Al-Nazir Ali Babiker, an agronomist, said the loss of tree cover could cause more severe seasonal flooding because the "forest acted as a barrier" against rising waters.

Flooding strikes Sudan every year, destroying homes, farmland and infrastructure and leaving many families with no choice but to flee to safer areas.

The war in Sudan, which erupted in April 2023, has already killed tens of thousands, displaced 11 million and shattered critical infrastructure.

Before the fighting, forests supplied roughly 70 percent of Sudan's energy consumption, primarily through charcoal and firewood, according to data from the African Forest Forum.

Al-Sunut had also been a popular leisure spot for Khartoum residents.

"We used to come in groups to study and have a good time," recalls Adam Hafiz Ibrahim, a student at Omdurman Islamic University.

Today, wood gatherers have supplanted the usual walkers. Disregarding army notices alerting them to landmines, men and women traverse the dry, open ground that now stands where the ancient forest once grew.

"We're not cutting the trees. We just pick up whatever wood's already on the ground to use for the fire," said Nafisa, a woman in her forties navigating the dry grasslands.

"We found the trees down.

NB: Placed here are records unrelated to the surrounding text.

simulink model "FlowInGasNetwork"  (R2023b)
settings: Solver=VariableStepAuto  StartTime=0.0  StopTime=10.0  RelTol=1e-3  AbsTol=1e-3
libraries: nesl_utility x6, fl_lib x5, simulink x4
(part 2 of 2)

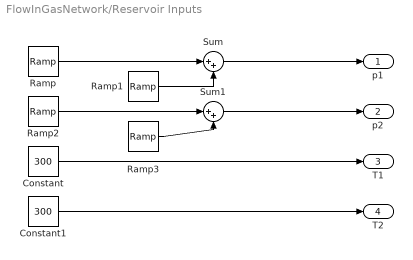
== system FlowInGasNetwork/Reservoir Inputs ==
  Constant : Constant  Value=300
  Constant1 : Constant  Value=300
  Ramp : simulink/Sources/Ramp  slope=0.1  start=6  InitialOutput=0.5
  Ramp1 : simulink/Sources/Ramp  slope=-0.1  start=9  InitialOutput=0
  Ramp2 : simulink/Sources/Ramp  slope=-0.075  start=1  InitialOutput=0.5
  Ramp3 : simulink/Sources/Ramp  slope=0.075  start=5  InitialOutput=0
  Sum : Sum  Inputs=|++
  Sum1 : Sum  Inputs=|++
  p1 : Outport
  p2 : Outport  Port=2
  T1 : Outport  Port=3
  T2 : Outport  Port=4
  wires:
  Constant/1 -> T1/1
  Constant1/1 -> T2/1
  Ramp1/1 -> Sum/2
  Ramp/1 -> Sum/1
  Sum/1 -> p1/1
  Sum1/1 -> p2/1
  Ramp2/1 -> Sum1/1
  Ramp3/1 -> Sum1/2

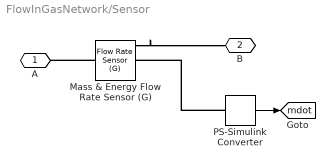
== system FlowInGasNetwork/Sensor ==
  Mass & Energy Flow Rate Sensor (G) : fl_lib/Gas/Sensors/Flow Rate Sensor (G)  mass_flow_measure=true  volumetric_flow_measure=false  volumetric_flow_conditions=foundation.enum.volumetric_flow_conditions.actual  p_std=0.101325 MPa  T_std=20 degC  energy_flow_measure=true
      settings: InternalSimscapePortConfiguration="{\"Bottom\":[{\"id\":\"PHI\",\"label\":\"φ\",\"type\":\"output\"}],\"Left\":[{\"id\":\"A\",\"label\":\"A\",\"type\":\"foundation.gas.gas\"}],\"Right\":[{\"id\":\"B\",\"label\":\"B\",\"type\":\"foundation.gas.gas\"},{\"id\":\"M\",\"label\":\"M\",\"type\":\"output\"}],\"Top\":[]}"
  PS-Simulink Converter : nesl_utility/PS-Simulink Converter  PhysicalDomain=network_engine_domain  SubClassName=ps_output  LeftPortType=input  RightPortType=output  PseudoPeriodic=off  Frequencies=[]  VectorFormat=1-D array  Unit=kg/s  AffineConversion=off
  A : PMIOPort  Side=Left
  B : PMIOPort  Port=2  Side=Right
  tag scope: mdot=global
  wires:
  PS-Simulink Converter/1 -> [mdot]
  connections:
  PS-Simulink Converter/LConn1 -- Mass & Energy Flow Rate Sensor (G)/RConn2
  Mass & Energy Flow Rate Sensor (G)/LConn1 -- A/RConn1
  Mass & Energy Flow Rate Sensor (G)/RConn1 -- B/RConn1
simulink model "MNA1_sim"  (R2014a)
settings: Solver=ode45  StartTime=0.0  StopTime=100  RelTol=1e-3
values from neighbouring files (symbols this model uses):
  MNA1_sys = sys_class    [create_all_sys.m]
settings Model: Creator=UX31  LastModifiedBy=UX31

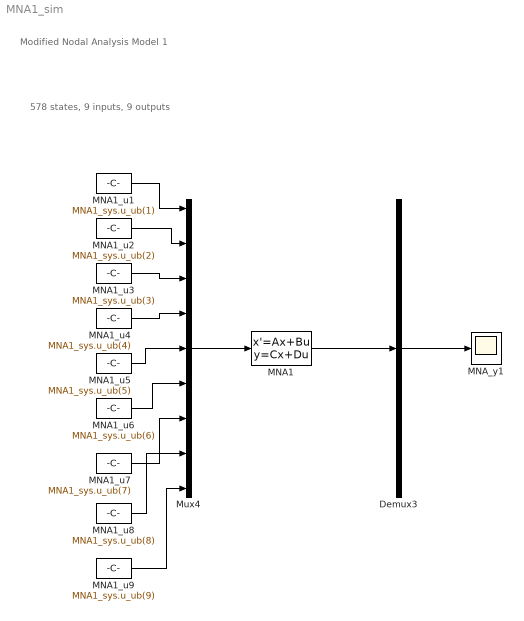
== system MNA1_sim ==
  note: 578 states, 9 inputs, 9 outputs
  note: Modified Nodal Analysis Model 1
  Demux3 : Demux  Outputs=1
  MNA1 : StateSpace  A=MNA1_sys.sys.a  B=MNA1_sys.sys.b  C=MNA1_sys.sys.c  D=MNA1_sys.sys.d  X0=MNA1_sys.x0_lb
  MNA1_u1 : Constant  Value=MNA1_sys.u_ub(1)
  MNA1_u2 : Constant  Value=MNA1_sys.u_ub(2)
  MNA1_u3 : Constant  Value=MNA1_sys.u_ub(3)
  MNA1_u4 : Constant  Value=MNA1_sys.u_ub(4)
  MNA1_u5 : Constant  Value=MNA1_sys.u_ub(5)
  MNA1_u6 : Constant  Value=MNA1_sys.u_ub(6)
  MNA1_u7 : Constant  Value=MNA1_sys.u_ub(7)
  MNA1_u8 : Constant  Value=MNA1_sys.u_ub(8)
  MNA1_u9 : Constant  Value=MNA1_sys.u_ub(9)
  MNA_y1 : Scope
      settings: SaveName=ScopeData13
  Mux4 : Mux  Inputs=9
  wires:
  MNA1_u1/1 -> Mux4/1
  MNA1_u2/1 -> Mux4/2
  MNA1_u3/1 -> Mux4/3
  Mux4/1 -> MNA1/1
  MNA1_u4/1 -> Mux4/4
  MNA1_u5/1 -> Mux4/5
  MNA1_u6/1 -> Mux4/6
  MNA1/1 -> Demux3/1
  Demux3/1 -> MNA_y1/1
  MNA1_u7/1 -> Mux4/7
  MNA1_u8/1 -> Mux4/8
  MNA1_u9/1 -> Mux4/9

We collect the wood to sell to bakeries and families," said Mohamed Zakaria, a construction worker who lost his job because of the war.

Experts say that the economic hardship caused by the war combined with a lack of enforcement has encouraged logging.

"The logging continues, because those responsible for forest protection cannot access many areas," said Mousa el-Sofori, head of Sudan's Forests National Corporation.

Efforts to replant acacias are underway, Tayeb of the Khartoum forestry administration said, but seedlings grow slowly and can take years to mature.

Restoring the lost woodlands would be "long and costly", said Sofori.

"Some of these forests were centuries old," he added.